Matthew Moore from Shallotte, North Carolina was referred to Duke with heart failure earlier this year, according to WNCN. He thought he would just have undergone a heart bypass surgery, but Schroder and Milano recommended an artificial option because a traditional heart transplant became too dangerous.

The artificial heart was developed by CARMAT and has been studied in Europe, where it is approved for use. Last year, the company received FDA approval to begin studies in the U.S. to potentially enroll 10 patients with end-stage biventricular heart failure. The study will evaluate whether the artificial heart is a viable option as a life-saving step before transplant, according to Duke. The CARMAT heart is similar to a prosthetic and uses an external power supply.

Duke was one of the transplant centers in the U.S. selected to join the CARMAT study, which required the medical team to receive specialized training to prepare for implant surgery.

Manesh Patel, M.D., chief of the Division of Cardiology at Duke, said the heart care program at Duke has fostered a culture of innovation over decades, aimed at improving care for patients.

“Our goal is to both deliver the best health care and to play a role in discovering it,” Patel said. “Innovation is essential for this. Patients locally and nationally are seen by our heart transplant team for care they may not get elsewhere. The key is the culture of innovation and the teamwork between our cardiac surgeons, heart failure cardiologists, nurses and all the heart center staff that care for our patients.”
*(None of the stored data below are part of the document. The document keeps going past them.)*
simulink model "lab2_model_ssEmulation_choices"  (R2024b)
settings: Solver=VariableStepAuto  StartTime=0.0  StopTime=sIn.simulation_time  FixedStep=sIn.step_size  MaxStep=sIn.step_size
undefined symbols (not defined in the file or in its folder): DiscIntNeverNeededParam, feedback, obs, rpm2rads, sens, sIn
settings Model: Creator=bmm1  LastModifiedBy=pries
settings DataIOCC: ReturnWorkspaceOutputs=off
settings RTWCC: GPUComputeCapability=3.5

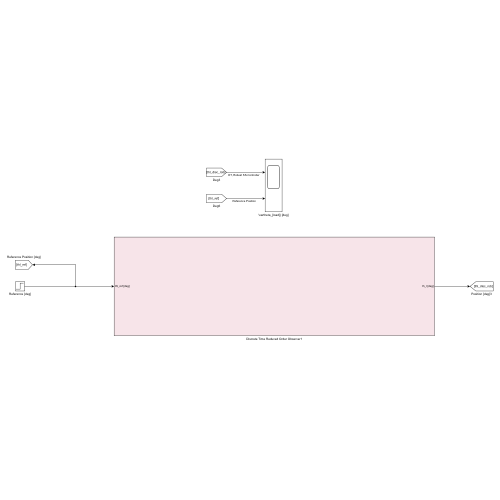
[thumbnail: Simulink's stored preview of the top-level diagram]
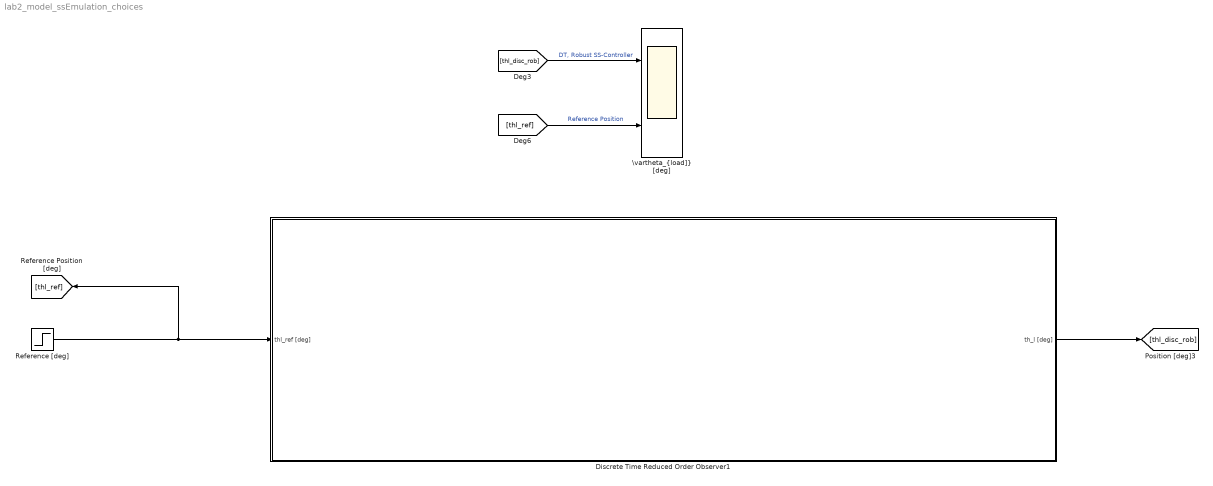
== system lab2_model_ssEmulation_choices ==
  Discrete Time Reduced Order Observer1 : Subsystem
  Reference [deg] : Step  Time=0  After=sIn.position  SampleTime=0
  "\\vartheta_{load]} [deg]" : Scope  NumInputPorts=2
  wires:
  [thl_ref] -> "\\vartheta_{load]} [deg]"/2  "Reference Position"
  Reference [deg]/1 -> Discrete Time Reduced Order Observer1/1(thl_ref [deg]), [thl_ref]
  Discrete Time Reduced Order Observer1/1(th_l [deg]) -> [thl_disc_rob]
  [thl_disc_rob] -> "\\vartheta_{load]} [deg]"/1  "DT, Robust SS-Controller"

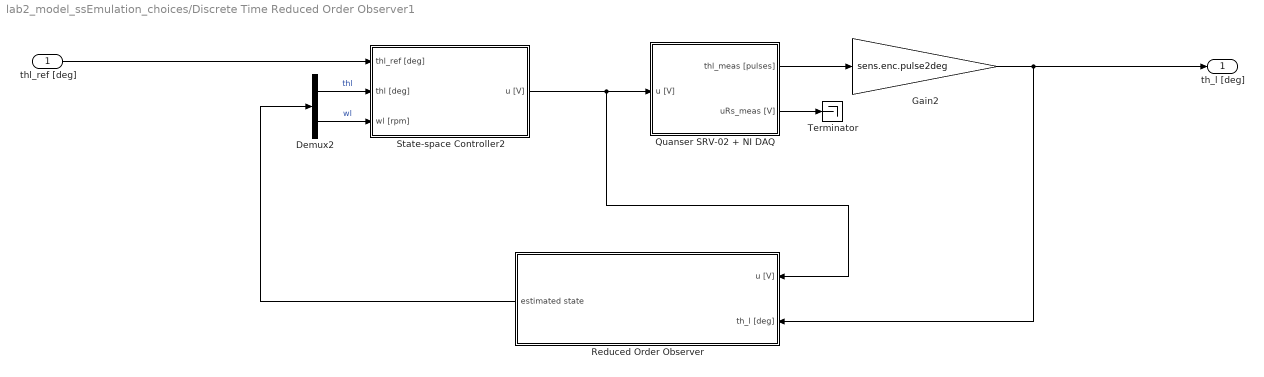
== system lab2_model_ssEmulation_choices/Discrete Time Reduced Order Observer1 ==
  thl_ref [deg] : Inport
  Demux2 : Demux  Outputs=2
  Gain2 : Gain  Gain=sens.enc.pulse2deg
  Quanser SRV-02 + NI DAQ : Subsystem  mask(Quanser SRV-02 (with inertial load) + NI DAQ){Ts=0.001, fricType=Coulomb + viscous}
      mask prompts: Ts "NI DAQ Sample Time:"; fricType "Friction model"
      mask help: Quanser SRV-02 (with inertial load) + NI DAQ model.
      mask init:
      | %%  Sensors data
      | 
      | %   shunt resistor
      | sens.curr.Rs = 0.5;                         %   resistance [Ohm]   
      | sens.curr.uRs_std = 0.01;                   %   voltage noise standard dev [V]                           
      | sens.curr.uRs_var = sens.curr.uRs_std^2;	%   voltage noise variance [V^2]
      | 
      | %   Hewlett-Packard HEDS-5540#A06 optical encoder
      | sens.enc.ppr = 500*4;                       %   pulses per rotation
      | sens.enc.pulse2deg = 360/sens.enc.ppr;      %   [pulses] -> [deg]
      | sens.enc.pulse2rad = 2*pi/sens.enc.ppr;     %   [pulses] -> [rad]
      | sens.enc.deg2pulse = sens.enc.ppr/360;      %   [deg] -> [pulses]
      | sens.enc.rad2pulse = sens.enc.ppr/2/pi;     %   [rad] -> [pulses]
      | 
      | 
      | %%  Data acquisition board (daq) data
      | 
      | %   NI PCI-6221 DAC data
      | daq.dac.bits = 16;                                  %   resolution (bits)
      | daq.dac.fs   = 10;                                  %   full scale 
      | daq.dac.q    = 2*daq.dac.fs/(2^daq.dac.bits-1);     %	quantization
      | 
      | %   NI PCI-6221 ADC data
      | daq.adc.bits = 16;                                  %   resolution (bits)
      | daq.adc.fs   = 10;                                  %   full scale (as set in SLDRT Analog Input block)
      | daq.adc.q    = 2*daq.adc.fs/(2^daq.adc.bits-1);     %   quantization
      mask Help:
      | Riccardo Antonello (antonello@dei.unipd.it)
      | 
      | April 24, 2020
      | 
      | Dept. of Information Engineering, University of Padova
      mask TypeOptions fricType: Coulomb + viscous | Karnopp
  Reduced Order Observer : Subsystem
  State-space Controller2 : Subsystem
  Terminator : Terminator
  th_l [deg] : Outport
  wires:
  thl_ref [deg]/1 -> State-space Controller2/1(thl_ref [deg])
  Demux2/1 -> State-space Controller2/2(thl [deg])  "thl"
  Demux2/2 -> State-space Controller2/3(wl [rpm])  "wl"
  Quanser SRV-02 + NI DAQ/1(thl_meas [pulses]) -> Gain2/1
  Gain2/1 -> Reduced Order Observer/2(th_l [deg]), th_l [deg]/1
  State-space Controller2/1(u [V]) -> Quanser SRV-02 + NI DAQ/1(u [V]), Reduced Order Observer/1(u [V])
  Reduced Order Observer/1(estimated state) -> Demux2/1
  Quanser SRV-02 + NI DAQ/2(uRs_meas [V]) -> Terminator/1

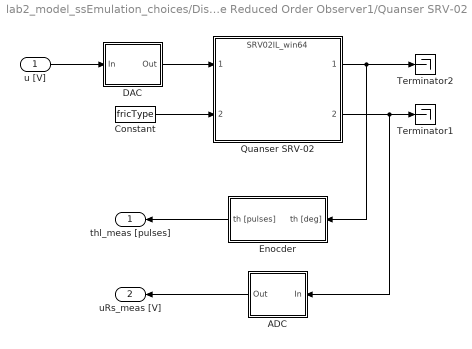
== system lab2_model_ssEmulation_choices/Discrete Time Reduced Order Observer1/Quanser SRV-02 + NI DAQ ==
  u [V] : Inport
  ADC : Subsystem
  Constant : Constant  Value=fricType
  DAC : Subsystem
  Enocder : Subsystem
  Quanser SRV-02 : ModelReference  ModelNameDialog=SRV02IL_win64.slxp  ModelReferenceVersion=1.44  CopyOfModelProtected=on
  Terminator1 : Terminator
  Terminator2 : Terminator
  thl_meas [pulses] : Outport
  uRs_meas [V] : Outport  Port=2
  wires:
  Enocder/1(th [pulses]) -> thl_meas [pulses]/1
  ADC/1(Out) -> uRs_meas [V]/1
  DAC/1(Out) -> Quanser SRV-02/1
  Quanser SRV-02/2 -> ADC/1(In), Terminator1/1
  u [V]/1 -> DAC/1(In)
  Quanser SRV-02/1 -> Enocder/1(th [deg]), Terminator2/1
  Constant/1 -> Quanser SRV-02/2

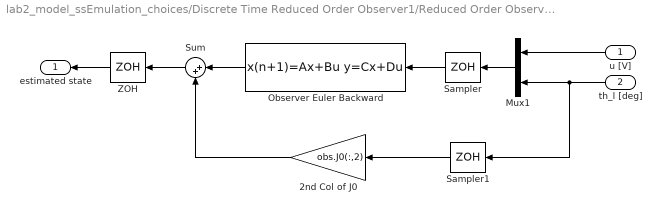
== system lab2_model_ssEmulation_choices/Discrete Time Reduced Order Observer1/Reduced Order Observer ==
  u [V] : Inport
  th_l [deg] : Inport  Port=2
  2nd Col of J0 : Gain  Gain=obs.J0(:,2)
  Mux1 : Mux  Inputs=2
  Observer Euler Backward : DiscreteStateSpace  A=obs.Phi0  B=obs.Gamma0  C=obs.H0  D=zeros(2,2)  SampleTime=sIn.T_s
  Sampler : ZeroOrderHold  SampleTime=sIn.T_s
  Sampler1 : ZeroOrderHold  SampleTime=sIn.T_s
  Sum : Sum  Inputs=|++
  ZOH : ZeroOrderHold  SampleTime=sIn.T_s
  estimated state : Outport
  wires:
  Sampler/1 -> Observer Euler Backward/1
  Sum/1 -> ZOH/1
  Observer Euler Backward/1 -> Sum/1
  Sampler1/1 -> 2nd Col of J0/1
  Mux1/1 -> Sampler/1
  2nd Col of J0/1 -> Sum/2
  th_l [deg]/1 -> Mux1/2, Sampler1/1
  u [V]/1 -> Mux1/1
  ZOH/1 -> estimated state/1

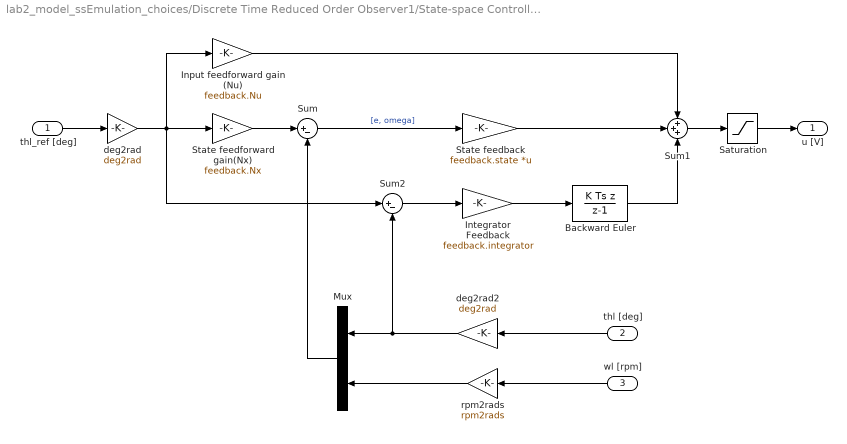
== system lab2_model_ssEmulation_choices/Discrete Time Reduced Order Observer1/State-space Controller2 ==
  thl_ref [deg] : Inport
  thl [deg] : Inport  Port=2
  wl [rpm] : Inport  Port=3
  Backward Euler : DiscreteIntegrator  IntegratorMethod=Integration: Backward Euler  SampleTime=sIn.T_s  ICPrevOutput=DiscIntNeverNeededParam  ICPrevScaledInput=DiscIntNeverNeededParam
  Input feedforward gain (Nu) : Gain  Gain=feedback.Nu
  Integrator Feedback : Gain  Gain=feedback.integrator
  Mux : Mux  Inputs=2
  Saturation : Saturate  UpperLimit=10  LowerLimit=-10
  State feedback : Gain  Gain=feedback.state  Multiplication=Matrix(K*u)
  State feedforward gain(Nx) : Gain  Gain=feedback.Nx
  Sum : Sum  Inputs=|+-
  Sum1 : Sum  Inputs=+++
  Sum2 : Sum  Inputs=|+-
  deg2rad : Gain  Gain=deg2rad
  deg2rad2 : Gain  Gain=deg2rad
  rpm2rads : Gain  Gain=rpm2rads
  u [V] : Outport
  wires:
  thl_ref [deg]/1 -> deg2rad/1
  deg2rad/1 -> State feedforward gain(Nx)/1, Input feedforward gain (Nu)/1, Sum2/1
  State feedforward gain(Nx)/1 -> Sum/1
  Sum/1 -> State feedback/1  "[e, omega]"
  Sum1/1 -> Saturation/1
  Saturation/1 -> u [V]/1
  thl [deg]/1 -> deg2rad2/1
  wl [rpm]/1 -> rpm2rads/1
  deg2rad2/1 -> Sum2/2, Mux/1
  rpm2rads/1 -> Mux/2
  Mux/1 -> Sum/2
  Sum2/1 -> Integrator Feedback/1
  Backward Euler/1 -> Sum1/3
  Input feedforward gain (Nu)/1 -> Sum1/1
  State feedback/1 -> Sum1/2
  Integrator Feedback/1 -> Backward Euler/1

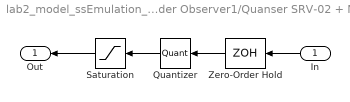
== system lab2_model_ssEmulation_choices/Discrete Time Reduced Order Observer1/Quanser SRV-02 + NI DAQ/ADC ==
  In : Inport
  Quantizer : Quantizer  QuantizationInterval=daq.adc.q
  Saturation : Saturate  UpperLimit=daq.adc.fs  LowerLimit=-daq.adc.fs
  Zero-Order Hold : ZeroOrderHold  SampleTime=Ts
  Out : Outport
  wires:
  Saturation/1 -> Out/1
  In/1 -> Zero-Order Hold/1
  Quantizer/1 -> Saturation/1
  Zero-Order Hold/1 -> Quantizer/1

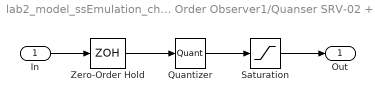
== system lab2_model_ssEmulation_choices/Discrete Time Reduced Order Observer1/Quanser SRV-02 + NI DAQ/DAC ==
  In : Inport
  Quantizer : Quantizer  QuantizationInterval=daq.dac.q
  Saturation : Saturate  UpperLimit=daq.dac.fs  LowerLimit=-daq.dac.fs
  Zero-Order Hold : ZeroOrderHold  SampleTime=Ts
  Out : Outport
  wires:
  Quantizer/1 -> Saturation/1
  In/1 -> Zero-Order Hold/1
  Zero-Order Hold/1 -> Quantizer/1
  Saturation/1 -> Out/1

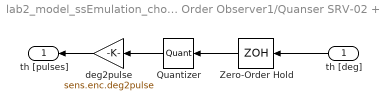
== system lab2_model_ssEmulation_choices/Discrete Time Reduced Order Observer1/Quanser SRV-02 + NI DAQ/Enocder ==
  th [deg] : Inport
  Quantizer : Quantizer  QuantizationInterval=sens.enc.pulse2deg
  Zero-Order Hold : ZeroOrderHold  SampleTime=Ts
  deg2pulse : Gain  Gain=sens.enc.deg2pulse
  th [pulses] : Outport
  wires:
  Quantizer/1 -> deg2pulse/1
  th [deg]/1 -> Zero-Order Hold/1
  Zero-Order Hold/1 -> Quantizer/1
  deg2pulse/1 -> th [pulses]/1

“The Duke Heart Transplant Program is globally recognized not only for its robust clinical volume, but more importantly, providing outstanding quality and innovative patient care at the highest level possible,” said Edward P. Chen, M.D., chief of the Division of Cardiovascular and Thoracic Surgery.

“The successful implant of the CARMAT artificial heart represents the latest in a long list of accomplishments by the Duke heart transplant team aimed at further expanding the treatment options available for patients with end-stage cardiac disease.”

Moore will continue to recover from the one-of-a-kind surgery and provide data for the likelihood of future artificial transplants.